START SOURCE MATERIAL

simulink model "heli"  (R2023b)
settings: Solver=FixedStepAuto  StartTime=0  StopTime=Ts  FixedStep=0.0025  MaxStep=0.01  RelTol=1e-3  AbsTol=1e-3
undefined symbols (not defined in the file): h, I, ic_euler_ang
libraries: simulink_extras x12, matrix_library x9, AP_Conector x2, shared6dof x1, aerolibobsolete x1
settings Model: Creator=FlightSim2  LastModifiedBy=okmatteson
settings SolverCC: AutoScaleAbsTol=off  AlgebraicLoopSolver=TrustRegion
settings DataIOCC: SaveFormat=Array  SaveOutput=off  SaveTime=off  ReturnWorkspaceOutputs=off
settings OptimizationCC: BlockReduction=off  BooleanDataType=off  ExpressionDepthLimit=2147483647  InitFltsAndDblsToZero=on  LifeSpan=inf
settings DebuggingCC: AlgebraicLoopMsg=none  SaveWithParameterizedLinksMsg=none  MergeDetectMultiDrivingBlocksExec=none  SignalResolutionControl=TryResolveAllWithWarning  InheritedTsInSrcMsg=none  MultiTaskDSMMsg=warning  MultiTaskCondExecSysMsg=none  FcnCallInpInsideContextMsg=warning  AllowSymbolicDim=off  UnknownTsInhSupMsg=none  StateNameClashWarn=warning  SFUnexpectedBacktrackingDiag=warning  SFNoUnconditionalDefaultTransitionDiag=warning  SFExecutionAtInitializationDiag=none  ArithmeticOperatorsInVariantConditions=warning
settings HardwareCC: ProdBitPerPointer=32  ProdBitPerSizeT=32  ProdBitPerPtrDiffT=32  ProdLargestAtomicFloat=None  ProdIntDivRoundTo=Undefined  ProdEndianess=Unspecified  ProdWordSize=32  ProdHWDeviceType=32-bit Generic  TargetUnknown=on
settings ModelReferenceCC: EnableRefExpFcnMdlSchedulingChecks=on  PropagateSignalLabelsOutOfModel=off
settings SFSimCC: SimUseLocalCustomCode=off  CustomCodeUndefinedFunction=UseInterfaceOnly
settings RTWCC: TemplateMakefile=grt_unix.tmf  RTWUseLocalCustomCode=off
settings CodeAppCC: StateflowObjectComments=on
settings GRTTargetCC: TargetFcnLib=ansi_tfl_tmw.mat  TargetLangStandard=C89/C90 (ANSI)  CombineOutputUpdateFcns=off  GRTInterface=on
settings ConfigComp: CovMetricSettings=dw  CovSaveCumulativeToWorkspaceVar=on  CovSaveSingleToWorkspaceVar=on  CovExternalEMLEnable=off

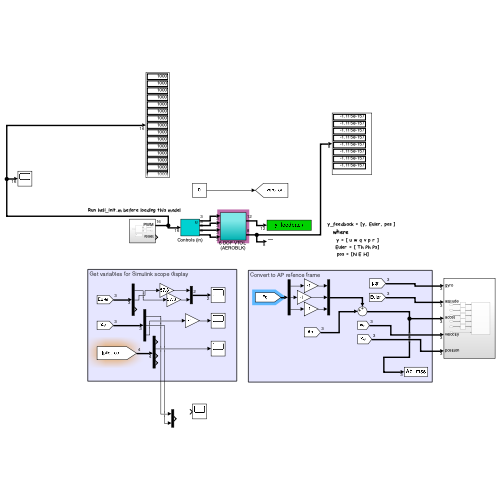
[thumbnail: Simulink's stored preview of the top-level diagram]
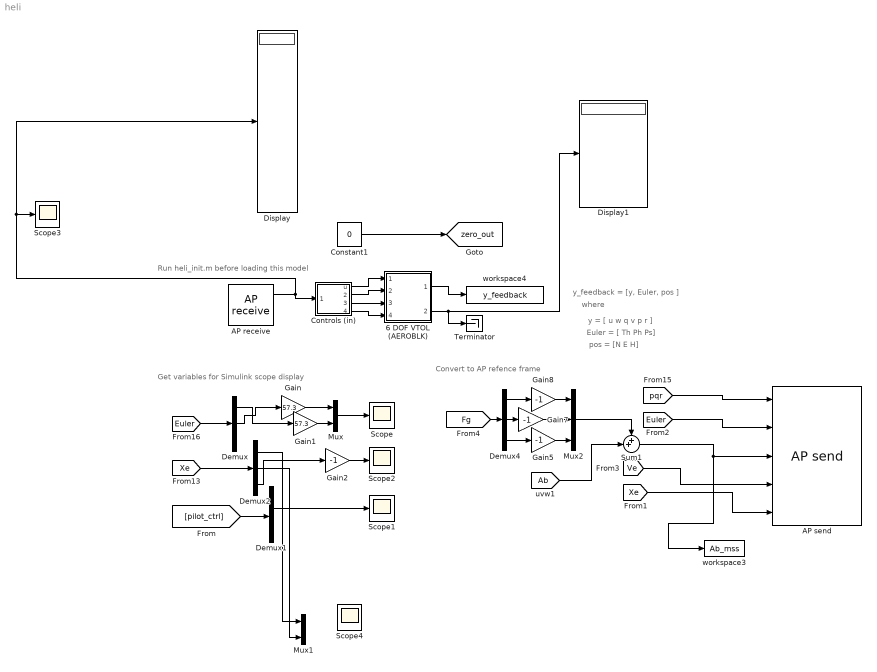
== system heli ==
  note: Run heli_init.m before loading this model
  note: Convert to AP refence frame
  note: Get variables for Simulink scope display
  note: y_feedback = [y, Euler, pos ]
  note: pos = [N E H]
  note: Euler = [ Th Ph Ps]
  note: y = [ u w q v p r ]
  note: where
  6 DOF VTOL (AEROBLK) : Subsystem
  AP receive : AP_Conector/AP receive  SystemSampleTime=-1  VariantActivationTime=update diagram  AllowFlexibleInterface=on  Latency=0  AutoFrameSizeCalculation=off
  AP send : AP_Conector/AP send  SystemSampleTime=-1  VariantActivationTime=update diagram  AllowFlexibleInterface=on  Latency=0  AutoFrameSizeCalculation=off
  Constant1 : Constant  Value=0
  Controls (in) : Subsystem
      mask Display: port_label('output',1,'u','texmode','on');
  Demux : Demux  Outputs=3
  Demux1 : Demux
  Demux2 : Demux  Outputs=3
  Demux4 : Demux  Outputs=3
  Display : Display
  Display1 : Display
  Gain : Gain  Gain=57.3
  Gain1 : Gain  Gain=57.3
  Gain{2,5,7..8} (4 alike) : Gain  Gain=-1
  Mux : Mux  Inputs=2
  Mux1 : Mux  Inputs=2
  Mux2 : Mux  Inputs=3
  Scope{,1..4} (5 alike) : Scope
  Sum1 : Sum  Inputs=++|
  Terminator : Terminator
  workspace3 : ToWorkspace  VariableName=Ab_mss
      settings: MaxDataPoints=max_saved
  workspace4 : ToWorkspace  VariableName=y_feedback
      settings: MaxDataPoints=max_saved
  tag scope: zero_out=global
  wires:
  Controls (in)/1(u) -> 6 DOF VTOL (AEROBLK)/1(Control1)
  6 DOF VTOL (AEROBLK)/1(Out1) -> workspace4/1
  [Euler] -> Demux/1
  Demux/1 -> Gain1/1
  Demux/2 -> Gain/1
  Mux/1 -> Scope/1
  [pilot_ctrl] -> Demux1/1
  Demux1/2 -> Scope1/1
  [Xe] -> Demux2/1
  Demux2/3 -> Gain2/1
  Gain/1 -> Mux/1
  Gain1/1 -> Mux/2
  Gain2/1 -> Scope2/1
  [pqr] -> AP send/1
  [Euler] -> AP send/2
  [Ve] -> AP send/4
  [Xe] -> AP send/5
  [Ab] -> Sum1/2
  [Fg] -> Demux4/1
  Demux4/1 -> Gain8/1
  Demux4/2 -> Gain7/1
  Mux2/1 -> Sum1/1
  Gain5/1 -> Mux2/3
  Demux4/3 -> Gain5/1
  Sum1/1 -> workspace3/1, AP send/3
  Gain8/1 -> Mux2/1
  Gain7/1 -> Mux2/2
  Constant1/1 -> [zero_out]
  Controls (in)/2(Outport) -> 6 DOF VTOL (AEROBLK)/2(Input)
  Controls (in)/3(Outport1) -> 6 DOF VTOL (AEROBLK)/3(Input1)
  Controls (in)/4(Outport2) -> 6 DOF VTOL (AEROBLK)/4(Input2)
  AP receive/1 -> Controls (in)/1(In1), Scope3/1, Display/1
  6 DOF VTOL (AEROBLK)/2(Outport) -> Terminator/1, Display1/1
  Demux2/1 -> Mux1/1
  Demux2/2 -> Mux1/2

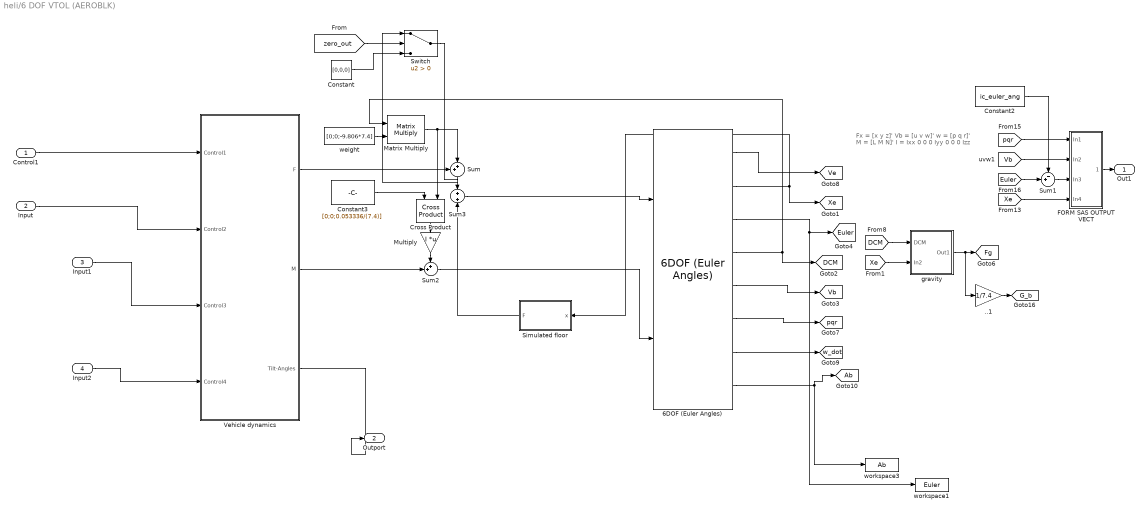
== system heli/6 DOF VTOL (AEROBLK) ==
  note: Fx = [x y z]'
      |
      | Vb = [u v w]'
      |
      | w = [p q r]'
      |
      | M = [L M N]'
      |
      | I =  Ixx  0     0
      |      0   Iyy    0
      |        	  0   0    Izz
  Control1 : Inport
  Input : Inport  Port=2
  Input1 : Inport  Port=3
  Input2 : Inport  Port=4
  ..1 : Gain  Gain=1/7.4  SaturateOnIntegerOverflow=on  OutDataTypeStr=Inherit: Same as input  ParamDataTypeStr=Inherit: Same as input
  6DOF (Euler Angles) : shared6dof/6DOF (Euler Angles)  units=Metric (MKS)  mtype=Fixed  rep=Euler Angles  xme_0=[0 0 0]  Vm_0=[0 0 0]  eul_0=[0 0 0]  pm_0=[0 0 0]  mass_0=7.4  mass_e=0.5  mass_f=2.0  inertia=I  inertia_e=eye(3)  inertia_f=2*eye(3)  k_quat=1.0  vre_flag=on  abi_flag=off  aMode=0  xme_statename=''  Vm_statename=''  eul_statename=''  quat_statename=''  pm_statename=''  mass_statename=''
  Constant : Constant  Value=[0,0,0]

END SOURCE MATERIAL

_EXERCISE REQUIREMENTS_
Everything starting at the line containing "settings DataIOCC: SaveFormat=Array" and ending at the line containing "settings CodeAppCC: StateflowObjectComments=on" in the records above should be repeated exactly, and only that.

_OUTPUT OF THE TASK_
settings DataIOCC: SaveFormat=Array  SaveOutput=off  SaveTime=off  ReturnWorkspaceOutputs=off
settings OptimizationCC: BlockReduction=off  BooleanDataType=off  ExpressionDepthLimit=2147483647  InitFltsAndDblsToZero=on  LifeSpan=inf
settings DebuggingCC: AlgebraicLoopMsg=none  SaveWithParameterizedLinksMsg=none  MergeDetectMultiDrivingBlocksExec=none  SignalResolutionControl=TryResolveAllWithWarning  InheritedTsInSrcMsg=none  MultiTaskDSMMsg=warning  MultiTaskCondExecSysMsg=none  FcnCallInpInsideContextMsg=warning  AllowSymbolicDim=off  UnknownTsInhSupMsg=none  StateNameClashWarn=warning  SFUnexpectedBacktrackingDiag=warning  SFNoUnconditionalDefaultTransitionDiag=warning  SFExecutionAtInitializationDiag=none  ArithmeticOperatorsInVariantConditions=warning
settings HardwareCC: ProdBitPerPointer=32  ProdBitPerSizeT=32  ProdBitPerPtrDiffT=32  ProdLargestAtomicFloat=None  ProdIntDivRoundTo=Undefined  ProdEndianess=Unspecified  ProdWordSize=32  ProdHWDeviceType=32-bit Generic  TargetUnknown=on
settings ModelReferenceCC: EnableRefExpFcnMdlSchedulingChecks=on  PropagateSignalLabelsOutOfModel=off
settings SFSimCC: SimUseLocalCustomCode=off  CustomCodeUndefinedFunction=UseInterfaceOnly
settings RTWCC: TemplateMakefile=grt_unix.tmf  RTWUseLocalCustomCode=off
settings CodeAppCC: StateflowObjectComments=on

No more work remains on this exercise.